Cette nouvelle qui se lit rapidement (une petite centaine de pages) est un prélude, une bande annonce, un essai avant les Mémoires d'Hadrien. Les parallèles entre les deux sont légions.

La narration est omnisciente, le protagoniste parle à la première personne, sans rien de désagréable. La présence de l'écrivaine est palpable à chaque phrase lue, chaque page tournée. Malgré ce que laisse croire la quatrième de couverture, il n'est nullement question d'histoire d'amour ou de triangle amoureux. Oublions là, le récit de Antinoüs et son impérial amant.
De fait, l'intrigue est construite autour d'un jeu de séduction. La préface en révèle beaucoup et aurait gagnée à être transformée en postface. Ce petit regret, du moins implique des révélations qui permettent une approche romantique depuis longtemps oubliée. Le jeu crée une pièce de théâtre, un huis-clôt intéressant.
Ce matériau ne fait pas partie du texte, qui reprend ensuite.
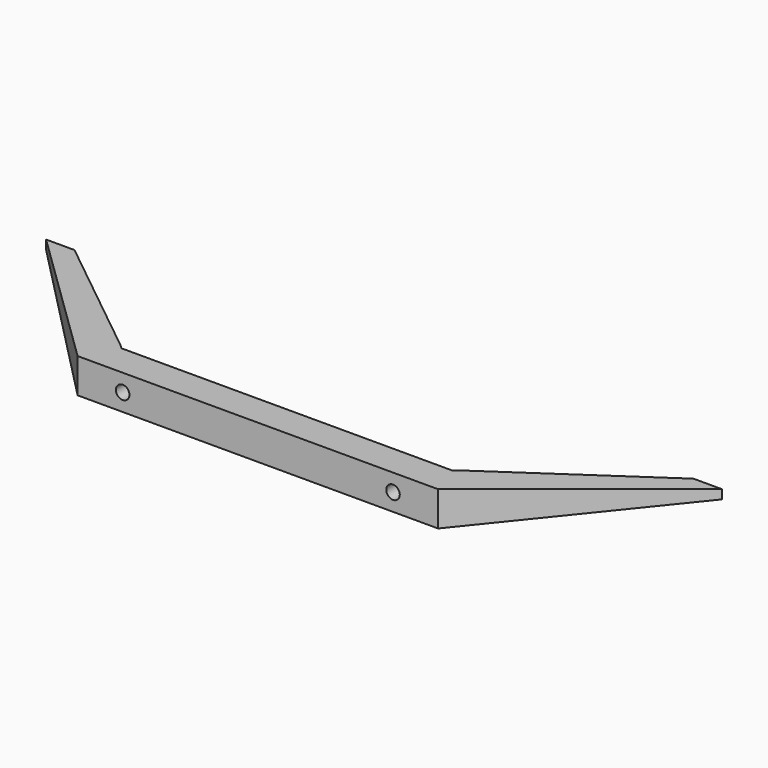
from build123d import *

# Parameters (mm, degrees)
F1_DEPTH    = 8
F2_R        = 1.5
F3_DEPTH    = 8
F4_DEPTH    = 2
F5_SIZE2    = 5
F5_SIZE     = 37
F6_T1_DEPTH = 198.6904330104


# Not quite as in the source:
# - a fillet or chamfer that OpenCascade refuses, or shapes differently, is made with other operations: its cross-section is extruded or revolved along the edge and cut away or added


with BuildPart() as f1:
    # F0 (on Top) → F1 (new body)
    with BuildSketch(Plane.XY):
        Polygon((0, -4), (40, -4), (75, 31), (63.686291501, 31), (36.686291501, 4), (0, 4), align=None)
    extrude(amount=F1_DEPTH)

    # F2 (on face) → F3 (cut, through all)
    with BuildSketch(Plane(origin=(0, 4, 0), x_dir=(-1, 0, 0), z_dir=(0, 1, 0))):
        with Locations((-30, 4)):
            Circle(F2_R)
    extrude(amount=-F3_DEPTH, mode=Mode.SUBTRACT)

    # F2 (on face) → F4 (cut)
    with BuildSketch(Plane(origin=(0, 4, 0), x_dir=(-1, 0, 0), z_dir=(0, 1, 0))):
        Polygon((-28.4122867597, 1.25), (-26.8245735195, 4), (-28.4122867597, 6.75), (-31.5877132403, 6.75), (-33.1754264805, 4), (-31.5877132403, 1.25), align=None)
        with Locations((-30, 4)):
            Circle(F2_R, mode=Mode.SUBTRACT)
    extrude(amount=-F4_DEPTH, mode=Mode.SUBTRACT)

    # F5
    f5_edges = [f1.edges().sort_by_distance(p)[0] for p in [
        (63.686292, 31, 4),
    ]]
    f5_side = f1.faces().sort_by_distance((50.186292, 17.5, 4))[0]
    chamfer(f5_edges, length=F5_SIZE, length2=F5_SIZE2, reference=f5_side)

    # F6: chamfer of 37 x 3 on 2 edges, made by hand

    # F6_s2 → F6_t1 (cut)
    with BuildSketch(Plane.YZ.offset(-27.5020707547)):
        Polygon((-6, 0), (31, 3), (31, 0), align=None)
        Polygon((31, 5), (-6, 8), (31, 8), align=None)
    extrude(amount=F6_T1_DEPTH, mode=Mode.SUBTRACT)

    # F7: F1 across plane


with BuildPart() as f1_1:
    add(f1.part)
    add(f1.part.mirror(Plane.YZ))


solid = f1_1.part

Si l'histoire accuse parfois quelques longueurs, elle nous révèle peu de surprises. Mais quel plaisir de lire tant de mots bien sentis. Ceux-ci sont bien plus subtils que d'ordinaire. L'ironie est omniprésente et amusante : "L'amitié est avant tout une certitude, c'est ce qui la distingue de l'amour." "Elle ne mentait pas : rien pour les femmes n'a d'importance qu'elles mêmes, et tout autre choix n'est pour elles qu'une folie chronique ou qu'une aberration passagère."

Le contexte historique, les lieux choisis sont tout aussi dépaysant et invitent le lecteur à regarder différemment les deux guerres mondiales et leurs acteurs. Le récit est une allusion à une époque et à un conflit oubliés ou du moins plus oubliés que connus.